**Problem:** Would you please copy each line below that includes the string "Sources"?

═════ Task input ═════

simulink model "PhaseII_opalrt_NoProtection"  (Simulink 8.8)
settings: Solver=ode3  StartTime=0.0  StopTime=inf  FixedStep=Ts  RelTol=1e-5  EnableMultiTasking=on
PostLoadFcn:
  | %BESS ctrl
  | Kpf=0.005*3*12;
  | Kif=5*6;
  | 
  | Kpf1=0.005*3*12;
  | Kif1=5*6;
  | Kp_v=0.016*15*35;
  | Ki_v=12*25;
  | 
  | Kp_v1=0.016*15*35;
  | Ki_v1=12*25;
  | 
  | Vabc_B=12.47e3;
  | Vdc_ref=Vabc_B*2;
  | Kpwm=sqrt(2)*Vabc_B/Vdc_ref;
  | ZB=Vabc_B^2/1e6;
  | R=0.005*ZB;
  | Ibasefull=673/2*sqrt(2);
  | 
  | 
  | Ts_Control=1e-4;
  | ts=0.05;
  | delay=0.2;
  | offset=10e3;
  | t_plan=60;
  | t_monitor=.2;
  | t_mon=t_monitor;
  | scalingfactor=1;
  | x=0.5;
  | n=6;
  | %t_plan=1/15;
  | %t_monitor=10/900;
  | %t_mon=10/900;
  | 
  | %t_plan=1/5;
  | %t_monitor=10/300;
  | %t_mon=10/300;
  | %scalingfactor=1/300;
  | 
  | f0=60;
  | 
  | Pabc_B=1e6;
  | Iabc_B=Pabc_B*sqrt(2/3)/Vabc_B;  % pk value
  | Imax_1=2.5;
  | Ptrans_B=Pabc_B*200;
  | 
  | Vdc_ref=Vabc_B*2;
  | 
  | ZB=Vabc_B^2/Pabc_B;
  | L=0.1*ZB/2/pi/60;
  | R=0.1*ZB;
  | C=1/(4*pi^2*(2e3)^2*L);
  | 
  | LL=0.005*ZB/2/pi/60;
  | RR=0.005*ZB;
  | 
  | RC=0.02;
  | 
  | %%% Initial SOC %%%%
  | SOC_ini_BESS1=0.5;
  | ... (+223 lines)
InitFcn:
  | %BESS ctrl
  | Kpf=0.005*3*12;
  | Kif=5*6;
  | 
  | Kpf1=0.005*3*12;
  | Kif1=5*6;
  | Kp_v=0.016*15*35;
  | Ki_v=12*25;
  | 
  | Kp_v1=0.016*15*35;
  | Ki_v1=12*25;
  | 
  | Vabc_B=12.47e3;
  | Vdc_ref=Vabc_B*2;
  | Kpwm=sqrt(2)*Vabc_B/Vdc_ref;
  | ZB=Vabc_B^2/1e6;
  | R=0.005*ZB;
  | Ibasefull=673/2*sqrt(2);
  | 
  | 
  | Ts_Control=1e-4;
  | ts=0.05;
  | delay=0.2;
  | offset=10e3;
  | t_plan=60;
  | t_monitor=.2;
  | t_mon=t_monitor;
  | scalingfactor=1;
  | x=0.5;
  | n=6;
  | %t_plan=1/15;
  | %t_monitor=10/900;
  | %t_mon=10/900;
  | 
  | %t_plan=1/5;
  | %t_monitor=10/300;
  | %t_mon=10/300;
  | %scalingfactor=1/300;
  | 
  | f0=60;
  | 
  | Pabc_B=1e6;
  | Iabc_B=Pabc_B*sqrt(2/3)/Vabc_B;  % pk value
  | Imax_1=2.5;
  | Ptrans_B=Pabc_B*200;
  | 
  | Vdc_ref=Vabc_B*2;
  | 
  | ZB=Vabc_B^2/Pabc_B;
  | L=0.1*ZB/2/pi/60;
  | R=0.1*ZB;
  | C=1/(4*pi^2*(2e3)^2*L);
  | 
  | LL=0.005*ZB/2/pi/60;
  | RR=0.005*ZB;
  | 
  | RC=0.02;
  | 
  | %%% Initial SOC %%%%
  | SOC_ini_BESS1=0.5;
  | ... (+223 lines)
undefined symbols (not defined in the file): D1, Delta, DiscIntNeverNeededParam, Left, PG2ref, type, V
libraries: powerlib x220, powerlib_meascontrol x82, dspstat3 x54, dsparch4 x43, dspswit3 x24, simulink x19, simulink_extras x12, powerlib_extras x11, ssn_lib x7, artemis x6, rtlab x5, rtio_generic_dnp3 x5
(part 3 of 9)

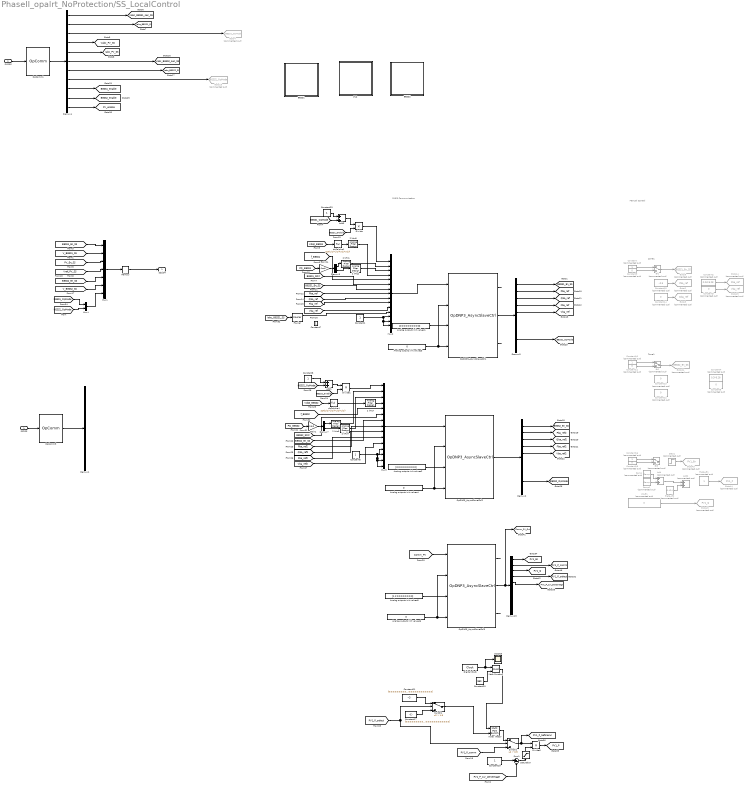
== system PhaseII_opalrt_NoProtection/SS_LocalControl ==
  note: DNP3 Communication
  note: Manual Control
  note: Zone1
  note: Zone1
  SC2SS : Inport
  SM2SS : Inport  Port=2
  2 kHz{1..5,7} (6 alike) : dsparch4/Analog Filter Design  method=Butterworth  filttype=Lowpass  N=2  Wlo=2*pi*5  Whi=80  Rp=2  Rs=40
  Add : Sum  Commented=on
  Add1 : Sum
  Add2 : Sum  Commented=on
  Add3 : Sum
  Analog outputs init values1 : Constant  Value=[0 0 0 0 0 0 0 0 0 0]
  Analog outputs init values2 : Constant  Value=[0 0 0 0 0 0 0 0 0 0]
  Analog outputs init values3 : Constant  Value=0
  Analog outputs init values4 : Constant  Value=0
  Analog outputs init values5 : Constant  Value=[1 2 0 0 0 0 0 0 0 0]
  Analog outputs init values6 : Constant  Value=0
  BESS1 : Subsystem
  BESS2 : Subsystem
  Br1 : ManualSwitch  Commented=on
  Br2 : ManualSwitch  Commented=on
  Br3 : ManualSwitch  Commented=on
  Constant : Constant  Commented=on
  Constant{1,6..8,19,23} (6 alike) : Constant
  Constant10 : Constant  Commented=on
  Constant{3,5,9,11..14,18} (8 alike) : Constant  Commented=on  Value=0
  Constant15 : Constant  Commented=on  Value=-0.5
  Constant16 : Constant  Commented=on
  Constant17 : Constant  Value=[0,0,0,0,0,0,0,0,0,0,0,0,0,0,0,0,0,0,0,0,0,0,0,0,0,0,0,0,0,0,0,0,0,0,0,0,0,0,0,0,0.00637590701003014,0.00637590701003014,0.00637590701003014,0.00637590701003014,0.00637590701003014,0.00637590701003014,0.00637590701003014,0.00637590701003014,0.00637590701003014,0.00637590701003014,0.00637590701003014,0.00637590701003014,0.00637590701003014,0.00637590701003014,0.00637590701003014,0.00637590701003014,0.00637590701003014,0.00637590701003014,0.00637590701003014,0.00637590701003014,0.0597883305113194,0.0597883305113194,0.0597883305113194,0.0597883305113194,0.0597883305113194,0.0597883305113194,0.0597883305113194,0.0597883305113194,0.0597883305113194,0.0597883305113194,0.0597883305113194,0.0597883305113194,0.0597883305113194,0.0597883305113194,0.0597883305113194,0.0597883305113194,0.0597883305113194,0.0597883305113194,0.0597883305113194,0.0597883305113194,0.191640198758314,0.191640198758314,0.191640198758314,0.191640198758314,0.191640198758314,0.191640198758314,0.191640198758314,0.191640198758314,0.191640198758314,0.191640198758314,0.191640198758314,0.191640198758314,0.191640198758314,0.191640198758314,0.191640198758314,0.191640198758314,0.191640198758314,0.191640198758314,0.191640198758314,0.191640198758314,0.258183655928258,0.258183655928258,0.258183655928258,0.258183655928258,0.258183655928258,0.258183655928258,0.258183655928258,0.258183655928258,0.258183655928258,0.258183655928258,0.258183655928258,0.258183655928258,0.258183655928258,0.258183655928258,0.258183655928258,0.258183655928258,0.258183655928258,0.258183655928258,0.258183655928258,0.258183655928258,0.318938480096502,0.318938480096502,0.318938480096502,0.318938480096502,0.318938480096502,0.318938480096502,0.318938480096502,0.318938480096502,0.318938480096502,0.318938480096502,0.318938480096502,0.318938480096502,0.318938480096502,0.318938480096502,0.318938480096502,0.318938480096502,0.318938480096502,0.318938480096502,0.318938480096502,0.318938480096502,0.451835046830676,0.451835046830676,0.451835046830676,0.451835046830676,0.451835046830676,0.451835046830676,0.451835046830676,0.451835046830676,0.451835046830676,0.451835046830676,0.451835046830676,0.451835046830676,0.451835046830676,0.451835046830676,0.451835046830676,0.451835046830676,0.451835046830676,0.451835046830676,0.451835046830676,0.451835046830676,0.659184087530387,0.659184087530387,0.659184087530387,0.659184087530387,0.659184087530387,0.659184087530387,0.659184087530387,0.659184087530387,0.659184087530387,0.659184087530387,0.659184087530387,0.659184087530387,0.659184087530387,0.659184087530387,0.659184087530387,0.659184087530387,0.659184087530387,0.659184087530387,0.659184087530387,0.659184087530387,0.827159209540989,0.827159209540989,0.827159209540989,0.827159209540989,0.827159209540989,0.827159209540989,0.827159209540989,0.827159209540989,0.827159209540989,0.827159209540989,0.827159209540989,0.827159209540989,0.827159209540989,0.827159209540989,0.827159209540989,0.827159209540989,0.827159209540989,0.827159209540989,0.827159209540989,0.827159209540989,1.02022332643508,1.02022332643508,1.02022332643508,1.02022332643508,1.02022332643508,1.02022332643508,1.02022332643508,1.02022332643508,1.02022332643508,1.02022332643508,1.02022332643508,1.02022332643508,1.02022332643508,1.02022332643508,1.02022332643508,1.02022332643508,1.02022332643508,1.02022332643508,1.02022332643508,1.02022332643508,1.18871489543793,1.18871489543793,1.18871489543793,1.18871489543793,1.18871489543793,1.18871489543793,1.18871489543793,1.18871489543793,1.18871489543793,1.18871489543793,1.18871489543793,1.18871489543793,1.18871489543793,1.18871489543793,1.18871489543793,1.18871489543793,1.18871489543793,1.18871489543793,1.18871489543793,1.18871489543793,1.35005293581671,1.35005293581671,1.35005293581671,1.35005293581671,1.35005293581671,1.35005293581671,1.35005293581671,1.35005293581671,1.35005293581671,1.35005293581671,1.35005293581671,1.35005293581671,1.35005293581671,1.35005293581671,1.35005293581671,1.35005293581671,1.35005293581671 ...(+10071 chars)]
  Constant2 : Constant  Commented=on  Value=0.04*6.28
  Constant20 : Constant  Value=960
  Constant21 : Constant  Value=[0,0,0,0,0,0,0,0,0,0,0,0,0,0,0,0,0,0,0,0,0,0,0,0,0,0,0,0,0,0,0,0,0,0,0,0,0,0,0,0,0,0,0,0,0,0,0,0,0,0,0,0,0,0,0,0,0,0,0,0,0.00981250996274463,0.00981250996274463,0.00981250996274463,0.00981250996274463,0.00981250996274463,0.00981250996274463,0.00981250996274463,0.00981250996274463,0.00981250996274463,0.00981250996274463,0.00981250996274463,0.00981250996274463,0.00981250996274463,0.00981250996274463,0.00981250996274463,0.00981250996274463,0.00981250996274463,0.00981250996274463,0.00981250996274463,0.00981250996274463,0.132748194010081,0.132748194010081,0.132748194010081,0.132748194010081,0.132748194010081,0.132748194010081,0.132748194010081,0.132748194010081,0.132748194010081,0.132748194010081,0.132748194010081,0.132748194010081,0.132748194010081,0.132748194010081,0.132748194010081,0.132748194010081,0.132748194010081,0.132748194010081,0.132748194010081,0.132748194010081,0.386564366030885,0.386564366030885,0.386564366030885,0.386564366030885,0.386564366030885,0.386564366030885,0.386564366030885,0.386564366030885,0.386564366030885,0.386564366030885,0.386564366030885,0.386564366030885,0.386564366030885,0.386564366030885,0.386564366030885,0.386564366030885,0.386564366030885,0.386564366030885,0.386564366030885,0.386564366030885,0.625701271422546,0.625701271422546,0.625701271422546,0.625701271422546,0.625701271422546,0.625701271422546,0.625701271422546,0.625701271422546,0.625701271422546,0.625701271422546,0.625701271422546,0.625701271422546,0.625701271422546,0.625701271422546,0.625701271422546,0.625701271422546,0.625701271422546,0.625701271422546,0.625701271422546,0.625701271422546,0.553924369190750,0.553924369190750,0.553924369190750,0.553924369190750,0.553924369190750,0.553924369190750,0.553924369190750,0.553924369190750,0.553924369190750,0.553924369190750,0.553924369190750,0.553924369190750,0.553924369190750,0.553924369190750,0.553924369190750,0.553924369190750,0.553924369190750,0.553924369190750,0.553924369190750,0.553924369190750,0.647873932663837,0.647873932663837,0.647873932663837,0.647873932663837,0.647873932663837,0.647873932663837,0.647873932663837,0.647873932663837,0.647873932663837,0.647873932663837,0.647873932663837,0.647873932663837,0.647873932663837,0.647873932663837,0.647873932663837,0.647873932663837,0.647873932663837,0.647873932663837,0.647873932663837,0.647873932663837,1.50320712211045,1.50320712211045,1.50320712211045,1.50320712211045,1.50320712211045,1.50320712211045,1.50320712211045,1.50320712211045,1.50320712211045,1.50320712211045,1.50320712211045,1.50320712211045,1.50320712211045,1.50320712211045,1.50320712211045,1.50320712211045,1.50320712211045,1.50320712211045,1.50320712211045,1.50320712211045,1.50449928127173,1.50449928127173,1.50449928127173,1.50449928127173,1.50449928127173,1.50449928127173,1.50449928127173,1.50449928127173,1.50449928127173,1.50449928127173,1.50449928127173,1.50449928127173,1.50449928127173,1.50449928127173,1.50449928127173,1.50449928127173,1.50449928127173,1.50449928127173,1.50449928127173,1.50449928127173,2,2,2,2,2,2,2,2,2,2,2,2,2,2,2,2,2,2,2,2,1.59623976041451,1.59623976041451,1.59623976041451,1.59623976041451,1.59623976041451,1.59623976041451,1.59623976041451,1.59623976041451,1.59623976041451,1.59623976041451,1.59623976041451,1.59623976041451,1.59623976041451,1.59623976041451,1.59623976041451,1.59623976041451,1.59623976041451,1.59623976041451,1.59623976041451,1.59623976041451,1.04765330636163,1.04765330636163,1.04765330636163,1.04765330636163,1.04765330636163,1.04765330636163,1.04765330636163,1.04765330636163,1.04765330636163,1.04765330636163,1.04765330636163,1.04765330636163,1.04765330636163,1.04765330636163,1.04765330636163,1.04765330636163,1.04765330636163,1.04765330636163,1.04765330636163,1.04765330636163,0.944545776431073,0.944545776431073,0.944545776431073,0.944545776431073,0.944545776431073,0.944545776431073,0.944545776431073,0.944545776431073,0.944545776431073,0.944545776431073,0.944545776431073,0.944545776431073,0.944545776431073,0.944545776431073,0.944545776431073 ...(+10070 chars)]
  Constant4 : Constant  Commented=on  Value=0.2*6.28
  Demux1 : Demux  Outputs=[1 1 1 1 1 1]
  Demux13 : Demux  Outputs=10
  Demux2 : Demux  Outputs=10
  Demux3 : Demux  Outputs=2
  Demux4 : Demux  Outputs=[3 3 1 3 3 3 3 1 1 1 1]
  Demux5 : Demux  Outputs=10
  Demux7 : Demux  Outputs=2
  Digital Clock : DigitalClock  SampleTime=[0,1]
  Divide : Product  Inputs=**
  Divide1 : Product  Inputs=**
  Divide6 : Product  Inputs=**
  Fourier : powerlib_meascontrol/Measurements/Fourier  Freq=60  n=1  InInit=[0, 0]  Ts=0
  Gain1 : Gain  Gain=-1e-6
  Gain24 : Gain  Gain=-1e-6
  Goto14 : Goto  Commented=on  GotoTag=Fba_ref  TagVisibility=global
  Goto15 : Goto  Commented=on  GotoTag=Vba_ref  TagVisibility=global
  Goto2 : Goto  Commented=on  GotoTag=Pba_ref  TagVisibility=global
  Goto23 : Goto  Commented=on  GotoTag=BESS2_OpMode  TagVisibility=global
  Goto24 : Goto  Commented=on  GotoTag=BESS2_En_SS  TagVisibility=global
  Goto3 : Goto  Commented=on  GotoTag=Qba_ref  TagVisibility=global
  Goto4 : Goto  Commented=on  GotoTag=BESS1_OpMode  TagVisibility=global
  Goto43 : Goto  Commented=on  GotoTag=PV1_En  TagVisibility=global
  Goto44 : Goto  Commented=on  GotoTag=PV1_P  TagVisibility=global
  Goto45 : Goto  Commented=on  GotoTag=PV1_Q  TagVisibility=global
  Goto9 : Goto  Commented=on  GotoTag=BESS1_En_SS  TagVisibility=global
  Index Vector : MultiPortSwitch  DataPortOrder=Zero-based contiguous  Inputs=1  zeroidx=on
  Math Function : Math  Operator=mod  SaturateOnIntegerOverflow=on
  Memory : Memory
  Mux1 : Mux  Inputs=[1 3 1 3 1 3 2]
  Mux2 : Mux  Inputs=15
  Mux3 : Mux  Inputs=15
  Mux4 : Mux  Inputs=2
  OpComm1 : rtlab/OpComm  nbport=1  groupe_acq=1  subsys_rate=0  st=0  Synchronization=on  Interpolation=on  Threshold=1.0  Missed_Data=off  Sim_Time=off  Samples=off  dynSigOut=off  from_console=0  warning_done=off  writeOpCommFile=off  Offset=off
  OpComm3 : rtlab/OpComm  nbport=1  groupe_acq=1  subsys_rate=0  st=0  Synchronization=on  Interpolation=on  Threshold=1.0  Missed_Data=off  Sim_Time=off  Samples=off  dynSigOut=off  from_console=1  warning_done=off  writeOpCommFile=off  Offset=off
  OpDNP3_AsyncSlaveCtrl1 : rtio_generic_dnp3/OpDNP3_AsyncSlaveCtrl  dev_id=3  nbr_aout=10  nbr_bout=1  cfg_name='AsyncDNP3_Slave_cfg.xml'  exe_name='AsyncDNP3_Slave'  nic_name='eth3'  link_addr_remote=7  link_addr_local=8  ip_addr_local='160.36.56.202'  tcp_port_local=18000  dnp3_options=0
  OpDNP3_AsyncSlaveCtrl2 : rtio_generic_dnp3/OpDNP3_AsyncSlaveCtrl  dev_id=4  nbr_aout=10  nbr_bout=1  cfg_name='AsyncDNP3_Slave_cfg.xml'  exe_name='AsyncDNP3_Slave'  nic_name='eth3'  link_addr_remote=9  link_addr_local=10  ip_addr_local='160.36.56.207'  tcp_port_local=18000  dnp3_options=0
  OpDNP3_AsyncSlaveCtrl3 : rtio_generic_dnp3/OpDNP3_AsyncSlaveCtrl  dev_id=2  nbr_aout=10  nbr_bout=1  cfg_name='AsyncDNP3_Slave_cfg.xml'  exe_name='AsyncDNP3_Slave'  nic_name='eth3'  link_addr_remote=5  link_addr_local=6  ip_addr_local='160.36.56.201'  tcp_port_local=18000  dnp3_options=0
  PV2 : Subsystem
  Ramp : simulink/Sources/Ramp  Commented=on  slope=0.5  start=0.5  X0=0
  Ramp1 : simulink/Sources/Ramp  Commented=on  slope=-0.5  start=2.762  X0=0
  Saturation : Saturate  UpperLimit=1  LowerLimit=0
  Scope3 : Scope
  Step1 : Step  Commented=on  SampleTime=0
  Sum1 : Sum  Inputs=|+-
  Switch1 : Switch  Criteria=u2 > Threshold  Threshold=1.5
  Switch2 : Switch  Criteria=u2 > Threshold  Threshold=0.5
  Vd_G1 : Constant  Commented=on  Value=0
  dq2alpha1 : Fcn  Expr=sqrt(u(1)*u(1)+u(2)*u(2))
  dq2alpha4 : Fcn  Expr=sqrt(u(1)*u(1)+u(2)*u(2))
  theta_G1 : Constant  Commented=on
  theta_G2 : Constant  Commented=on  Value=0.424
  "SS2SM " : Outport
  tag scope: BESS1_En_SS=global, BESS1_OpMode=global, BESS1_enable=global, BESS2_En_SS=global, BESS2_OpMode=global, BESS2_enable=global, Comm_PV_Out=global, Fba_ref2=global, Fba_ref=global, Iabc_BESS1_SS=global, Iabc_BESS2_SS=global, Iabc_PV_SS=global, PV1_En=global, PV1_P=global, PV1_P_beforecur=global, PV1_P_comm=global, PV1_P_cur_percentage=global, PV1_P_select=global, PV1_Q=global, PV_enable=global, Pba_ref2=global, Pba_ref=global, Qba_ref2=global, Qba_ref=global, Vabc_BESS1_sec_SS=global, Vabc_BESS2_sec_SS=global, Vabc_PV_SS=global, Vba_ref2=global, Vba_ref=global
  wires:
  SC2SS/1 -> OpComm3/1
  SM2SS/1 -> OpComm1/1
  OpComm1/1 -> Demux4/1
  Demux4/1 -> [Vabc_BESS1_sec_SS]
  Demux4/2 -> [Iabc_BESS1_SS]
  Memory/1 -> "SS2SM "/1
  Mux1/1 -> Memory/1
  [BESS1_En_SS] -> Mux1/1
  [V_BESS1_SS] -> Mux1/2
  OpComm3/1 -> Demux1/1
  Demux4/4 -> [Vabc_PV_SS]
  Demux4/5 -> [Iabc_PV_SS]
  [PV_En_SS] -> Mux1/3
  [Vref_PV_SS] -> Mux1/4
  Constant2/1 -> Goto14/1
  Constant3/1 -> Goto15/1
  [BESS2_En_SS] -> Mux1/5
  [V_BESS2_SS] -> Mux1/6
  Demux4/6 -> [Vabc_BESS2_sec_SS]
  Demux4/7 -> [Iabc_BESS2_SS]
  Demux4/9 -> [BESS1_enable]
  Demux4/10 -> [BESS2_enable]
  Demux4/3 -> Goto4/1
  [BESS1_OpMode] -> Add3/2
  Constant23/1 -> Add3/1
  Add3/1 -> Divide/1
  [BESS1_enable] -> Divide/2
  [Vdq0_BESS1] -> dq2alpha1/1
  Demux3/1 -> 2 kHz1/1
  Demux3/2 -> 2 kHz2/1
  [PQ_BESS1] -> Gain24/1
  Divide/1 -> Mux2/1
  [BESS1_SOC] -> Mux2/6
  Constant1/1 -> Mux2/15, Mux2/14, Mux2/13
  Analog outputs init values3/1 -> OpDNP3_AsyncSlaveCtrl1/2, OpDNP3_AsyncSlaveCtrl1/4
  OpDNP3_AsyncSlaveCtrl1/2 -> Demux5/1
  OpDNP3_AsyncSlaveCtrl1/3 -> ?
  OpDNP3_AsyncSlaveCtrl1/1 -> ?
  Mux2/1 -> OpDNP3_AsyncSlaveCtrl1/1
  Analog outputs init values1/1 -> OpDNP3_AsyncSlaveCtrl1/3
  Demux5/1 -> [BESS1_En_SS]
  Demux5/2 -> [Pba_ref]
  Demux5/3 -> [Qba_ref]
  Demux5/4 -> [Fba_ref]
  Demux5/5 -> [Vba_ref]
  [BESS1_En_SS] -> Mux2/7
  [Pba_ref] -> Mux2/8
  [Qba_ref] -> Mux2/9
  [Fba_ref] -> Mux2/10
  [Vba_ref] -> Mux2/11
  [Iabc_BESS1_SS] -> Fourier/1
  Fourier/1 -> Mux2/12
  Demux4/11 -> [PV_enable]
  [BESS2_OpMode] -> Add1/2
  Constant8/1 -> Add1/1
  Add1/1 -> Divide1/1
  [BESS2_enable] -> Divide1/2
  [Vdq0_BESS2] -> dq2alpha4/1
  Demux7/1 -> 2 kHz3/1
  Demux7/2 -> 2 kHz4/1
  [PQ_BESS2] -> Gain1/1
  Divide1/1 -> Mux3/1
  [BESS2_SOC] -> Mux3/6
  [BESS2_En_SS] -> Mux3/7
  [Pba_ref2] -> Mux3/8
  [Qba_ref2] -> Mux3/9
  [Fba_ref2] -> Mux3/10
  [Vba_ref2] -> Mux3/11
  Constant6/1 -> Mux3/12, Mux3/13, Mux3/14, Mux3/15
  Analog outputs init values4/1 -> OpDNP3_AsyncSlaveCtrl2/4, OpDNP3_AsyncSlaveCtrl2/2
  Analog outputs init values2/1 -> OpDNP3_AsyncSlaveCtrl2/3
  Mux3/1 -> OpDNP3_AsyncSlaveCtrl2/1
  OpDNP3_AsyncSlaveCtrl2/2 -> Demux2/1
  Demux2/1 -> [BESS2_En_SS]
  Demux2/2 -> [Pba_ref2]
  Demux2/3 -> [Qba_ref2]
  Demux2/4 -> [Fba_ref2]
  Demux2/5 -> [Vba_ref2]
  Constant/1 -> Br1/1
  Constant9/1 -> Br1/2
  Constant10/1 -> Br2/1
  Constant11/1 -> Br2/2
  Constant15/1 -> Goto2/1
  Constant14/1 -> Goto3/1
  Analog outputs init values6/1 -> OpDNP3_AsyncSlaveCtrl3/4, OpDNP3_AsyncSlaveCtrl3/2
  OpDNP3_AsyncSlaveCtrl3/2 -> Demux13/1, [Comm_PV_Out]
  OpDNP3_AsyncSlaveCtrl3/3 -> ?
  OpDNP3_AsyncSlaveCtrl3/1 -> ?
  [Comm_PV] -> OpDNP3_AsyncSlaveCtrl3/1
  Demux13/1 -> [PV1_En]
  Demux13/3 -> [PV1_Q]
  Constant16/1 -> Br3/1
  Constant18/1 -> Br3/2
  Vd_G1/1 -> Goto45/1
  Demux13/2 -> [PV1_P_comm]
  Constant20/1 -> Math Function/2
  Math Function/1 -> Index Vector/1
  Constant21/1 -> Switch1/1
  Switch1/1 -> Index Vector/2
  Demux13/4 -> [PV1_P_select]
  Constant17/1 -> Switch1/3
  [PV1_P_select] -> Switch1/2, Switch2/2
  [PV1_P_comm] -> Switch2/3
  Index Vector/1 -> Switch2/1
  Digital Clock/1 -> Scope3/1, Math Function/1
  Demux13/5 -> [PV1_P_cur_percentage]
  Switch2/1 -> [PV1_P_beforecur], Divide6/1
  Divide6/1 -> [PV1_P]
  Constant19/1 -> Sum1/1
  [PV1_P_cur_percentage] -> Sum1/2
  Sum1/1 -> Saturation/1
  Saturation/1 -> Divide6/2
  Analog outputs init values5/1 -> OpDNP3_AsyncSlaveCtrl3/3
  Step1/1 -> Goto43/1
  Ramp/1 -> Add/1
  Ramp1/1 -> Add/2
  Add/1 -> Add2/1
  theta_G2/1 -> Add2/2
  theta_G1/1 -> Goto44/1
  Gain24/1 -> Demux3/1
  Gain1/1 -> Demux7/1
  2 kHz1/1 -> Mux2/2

═════

**Expected answer:**
  Ramp : simulink/Sources/Ramp  Commented=on  slope=0.5  start=0.5  X0=0
  Ramp1 : simulink/Sources/Ramp  Commented=on  slope=-0.5  start=2.762  X0=0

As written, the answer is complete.